The Real Reason Everyone Loves ‘Elf’
CINCINNATI, OH - FEBRUARY 17: Xavier Musketeers fan holds a cutout of actor Will Ferrell as Elf before a game against the Villanova Wildcats at Cintas Center on February 17, 2018 in Cincinnati, Ohio. Villanova won 95-79. (Photo by Joe Robbins/Getty Images) *** Local Caption ***
Joe Robbins/Getty Images

It’s no accident Will Ferrell’s “Elf” swiftly became a holiday staple.

Director Jon Favreau’s 2003 comedy delivers everything we demand in a Christmas classic. One critical aspect of the film, though, doesn’t get enough attention.

The music.

The film’s Christmas magic starts with Ferrell, perfecting his man-child shtick in the ultimate setting – the Big Apple. That routine has grown tired of late, thanks to over exposure, his increasingly political mien and inferior comic vehicles. With “Elf,” though, it’s the perfect marriage between comic persona and screwball setup.d

Plus, Ferrell’s Buddy the Elf gobbling down cotton balls offers a master class in physical comedy. Watch it again if you doubt it.
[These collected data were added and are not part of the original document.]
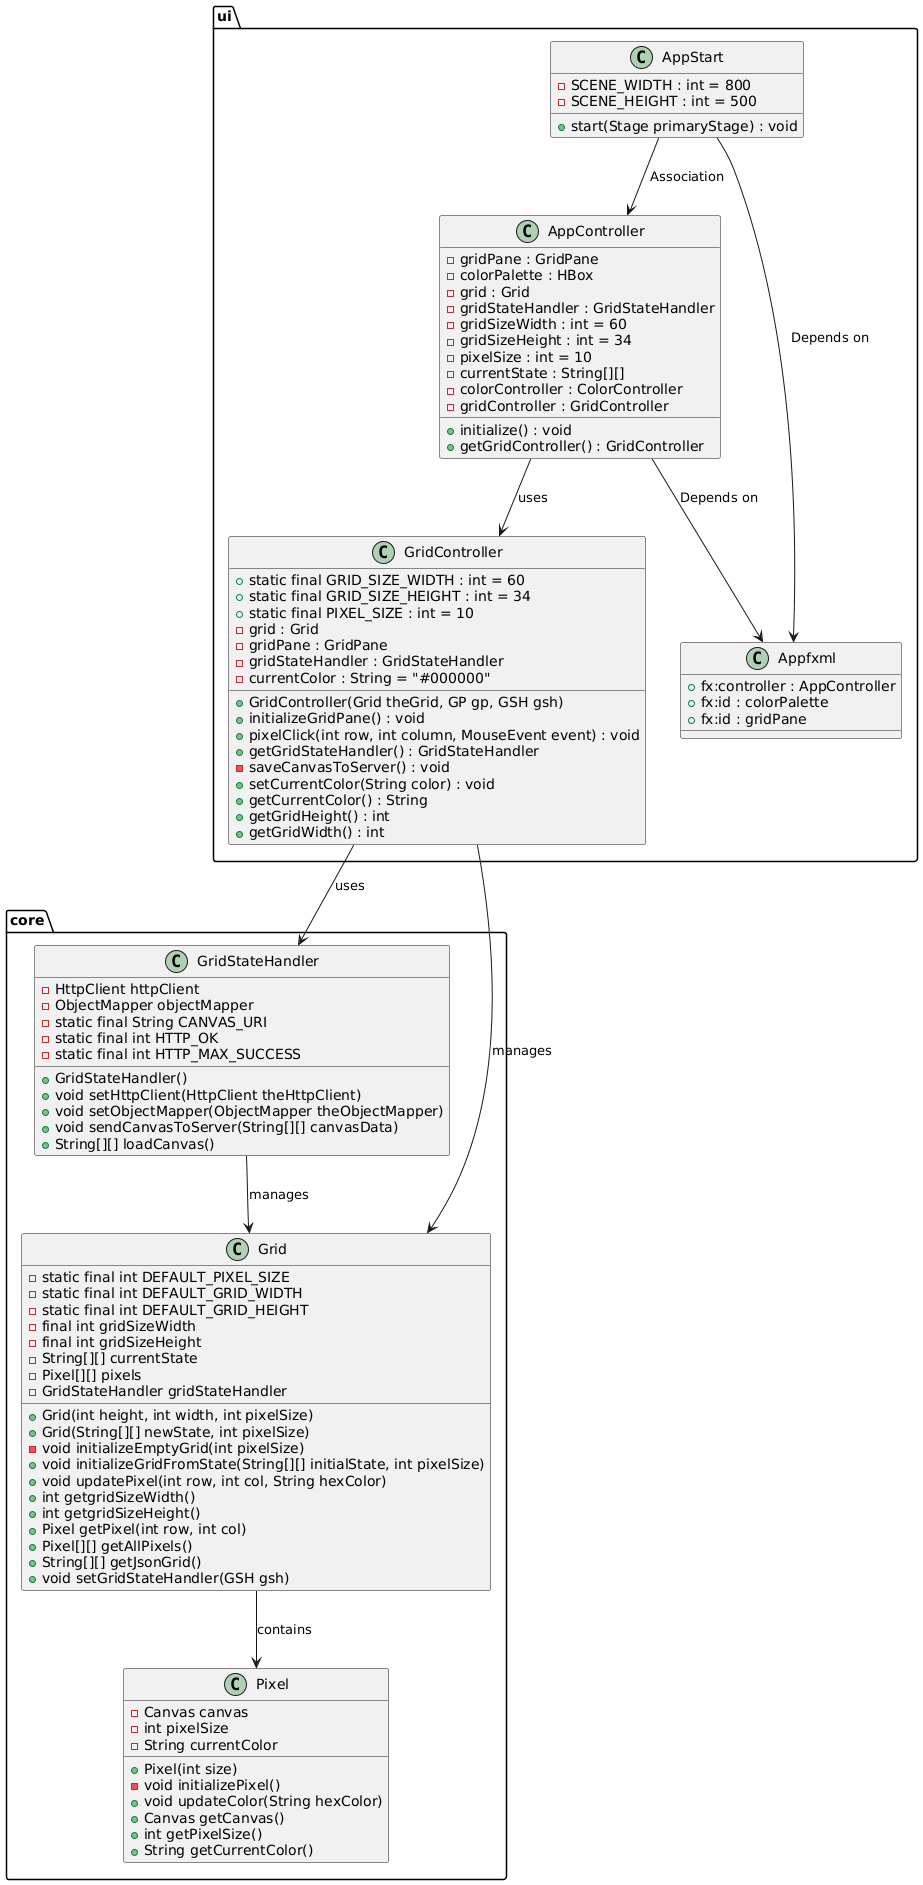

The diagram above was rendered by PlantUML. Its source (embedded in the PNG):
@startuml
package ui {
    class AppStart {
    - SCENE_WIDTH : int = 800
    - SCENE_HEIGHT : int = 500
    + start(Stage primaryStage) : void
      }
    class AppController {
    - gridPane : GridPane
    - colorPalette : HBox
    - grid : Grid
    - gridStateHandler : GridStateHandler
    - gridSizeWidth : int = 60
    - gridSizeHeight : int = 34
    - pixelSize : int = 10
    - currentState : String[][]
    - colorController : ColorController
    - gridController : GridController
    + initialize() : void
    + getGridController() : GridController
      }

    class GridController {
    + static final GRID_SIZE_WIDTH : int = 60
    + static final GRID_SIZE_HEIGHT : int = 34
    + static final PIXEL_SIZE : int = 10
    - grid : Grid
    - gridPane : GridPane
    - gridStateHandler : GridStateHandler
    - currentColor : String = "#000000"

    + GridController(Grid theGrid, GP gp, GSH gsh)
    + initializeGridPane() : void
    + pixelClick(int row, int column, MouseEvent event) : void
    + getGridStateHandler() : GridStateHandler
    - saveCanvasToServer() : void
    + setCurrentColor(String color) : void
    + getCurrentColor() : String
    + getGridHeight() : int
    + getGridWidth() : int
      }
    class Appfxml {
    + fx:controller : AppController
    + fx:id : colorPalette
    + fx:id : gridPane
    }
}

package core {
  class Grid {
      - static final int DEFAULT_PIXEL_SIZE
      - static final int DEFAULT_GRID_WIDTH
      - static final int DEFAULT_GRID_HEIGHT
      - final int gridSizeWidth
      - final int gridSizeHeight
      - String[][] currentState
      - Pixel[][] pixels
      - GridStateHandler gridStateHandler
      + Grid(int height, int width, int pixelSize)
      + Grid(String[][] newState, int pixelSize)
      - void initializeEmptyGrid(int pixelSize)
      + void initializeGridFromState(String[][] initialState, int pixelSize) 
      + void updatePixel(int row, int col, String hexColor)
      + int getgridSizeWidth()
      + int getgridSizeHeight()
      + Pixel getPixel(int row, int col)
      + Pixel[][] getAllPixels()
      + String[][] getJsonGrid()
      + void setGridStateHandler(GSH gsh)
      }
  class GridStateHandler {
      - HttpClient httpClient
      - ObjectMapper objectMapper
      - static final String CANVAS_URI
      - static final int HTTP_OK
      - static final int HTTP_MAX_SUCCESS
      + GridStateHandler()
      + void setHttpClient(HttpClient theHttpClient)
      + void setObjectMapper(ObjectMapper theObjectMapper)
      + void sendCanvasToServer(String[][] canvasData)
      + String[][] loadCanvas()
      }
  class Pixel {
      - Canvas canvas
      - int pixelSize
      - String currentColor
      + Pixel(int size)
      - void initializePixel()
      + void updateColor(String hexColor)
      + Canvas getCanvas()
      + int getPixelSize()
      + String getCurrentColor()
      }
    
' Relationships
AppController --> Appfxml : "Depends on"
AppStart --> AppController : " Association"
AppStart --> Appfxml : "Depends on"
AppController --> GridController : "uses"

GridController --> Grid : "manages"
GridController --> GridStateHandler : "uses"
Grid --> Pixel : "contains"
GridStateHandler --> Grid : "manages"
@enduml

The film’s signature laughs have aged gracefully, relying on character-driven yuks over meta-jokes and cheap gags. We’ll forgive the flatulent Elf bit early in the film, it’s a one-and-done.

The deep cast includes “Godfather” tough guy James Caan, scene stealer Artie Lange as a sweaty St. Nick and the underrated Mary Steenburgen.

It helps that “Elf” delivers a Santa’s bag full of killer quotes, from “You’re an angry elf!” to “You sit on a throne of lies!”

Yet the film’s soundtrack rarely jumps to people’s lips when the film returns each Christmas season. It’s a perfect assemblage of yuletide staples and throwback tracks, all anchored to a narrative that grows with every viewing.

The film’s creative team might have felt pressure to add contemporary music to the story, juicing the film’s box office potential with current hitmakers.

Listen to Destiny Child alum Beyonce cover “Santa Baby!”

Instead, Team “Elf” relied on music from a more innocent era, a second way to enhance Buddy’s naivete.

Louis Prima and Wingy Manone’s “Pennies from Heaven” kicks off Buddy’s New York arrival, a bouncy tune performed under a series of slapstick bits. It’s not a Christmas song by definition (it is by default now, though), but it gives Favreau the sonic backdrop on which to ladle on the “fish out of water” gags.

Tone is everything in a successful film, but it’s even more important for a movie hoping to join “A Christmas Story,” “Miracle on 34th Street” and “Christmas Vacation” as seasonal faves. 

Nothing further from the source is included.